» Task prompt: Retype the entries below word for word, leaving out every picture.

» Source data:
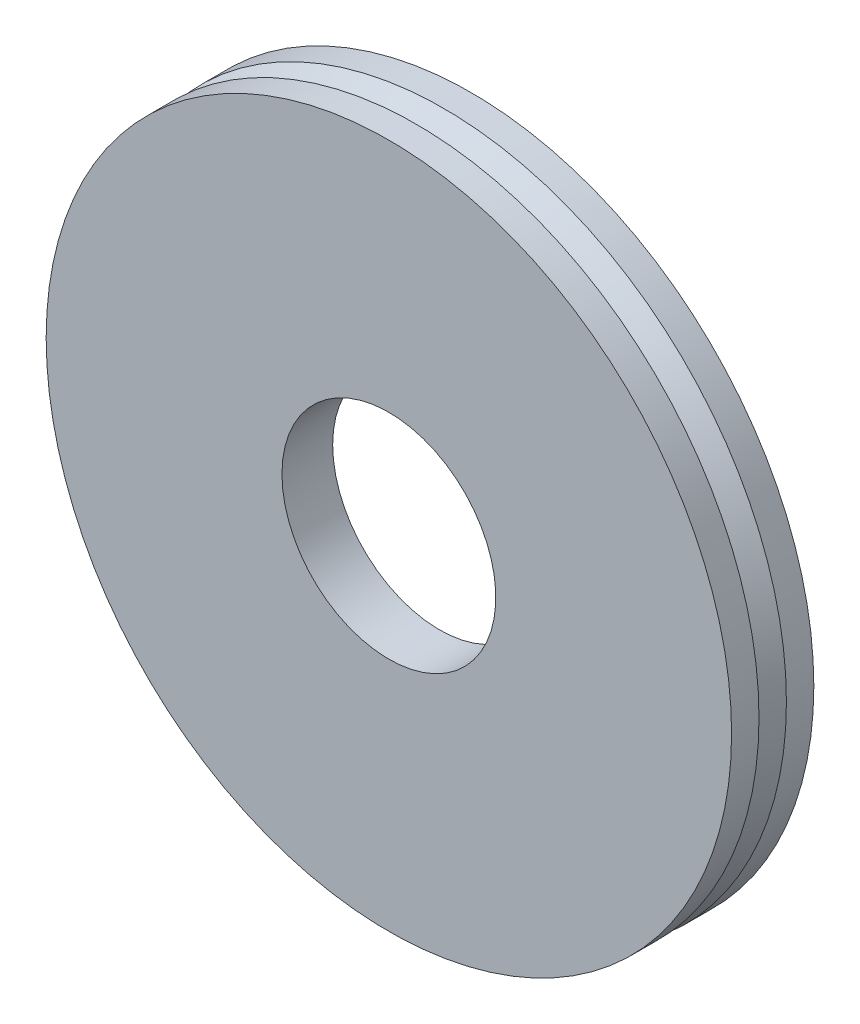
from build123d import *


with BuildPart() as part:
    # Esquisse1 → R_volution1 (revolve)
    with BuildSketch(Plane(origin=(0, 0, 0), x_dir=(0, 0, -1), z_dir=(1, 0, 0)), mode=Mode.PRIVATE) as r_volution1_sk:
        Polygon((1.85, 3.9), (1.85, 5.9), (3, 5.9), (3, 12.5), (2, 12.5), (1, 12), (1, 12.5), (0, 12.5), (0, 3.9), align=None)
    revolve(r_volution1_sk.sketch.rotate(Axis((0, 0, 0), (0, 0, 1)), 90), axis=Axis((0, 0, 0), (0, 0, 1)))


solid = part.part

» The answer:
from build123d import *


with BuildPart() as part:
    # Esquisse1 → R_volution1 (revolve)
    with BuildSketch(Plane(origin=(0, 0, 0), x_dir=(0, 0, -1), z_dir=(1, 0, 0)), mode=Mode.PRIVATE) as r_volution1_sk:
        Polygon((1.85, 3.9), (1.85, 5.9), (3, 5.9), (3, 12.5), (2, 12.5), (1, 12), (1, 12.5), (0, 12.5), (0, 3.9), align=None)
    revolve(r_volution1_sk.sketch.rotate(Axis((0, 0, 0), (0, 0, 1)), 90), axis=Axis((0, 0, 0), (0, 0, 1)))


solid = part.part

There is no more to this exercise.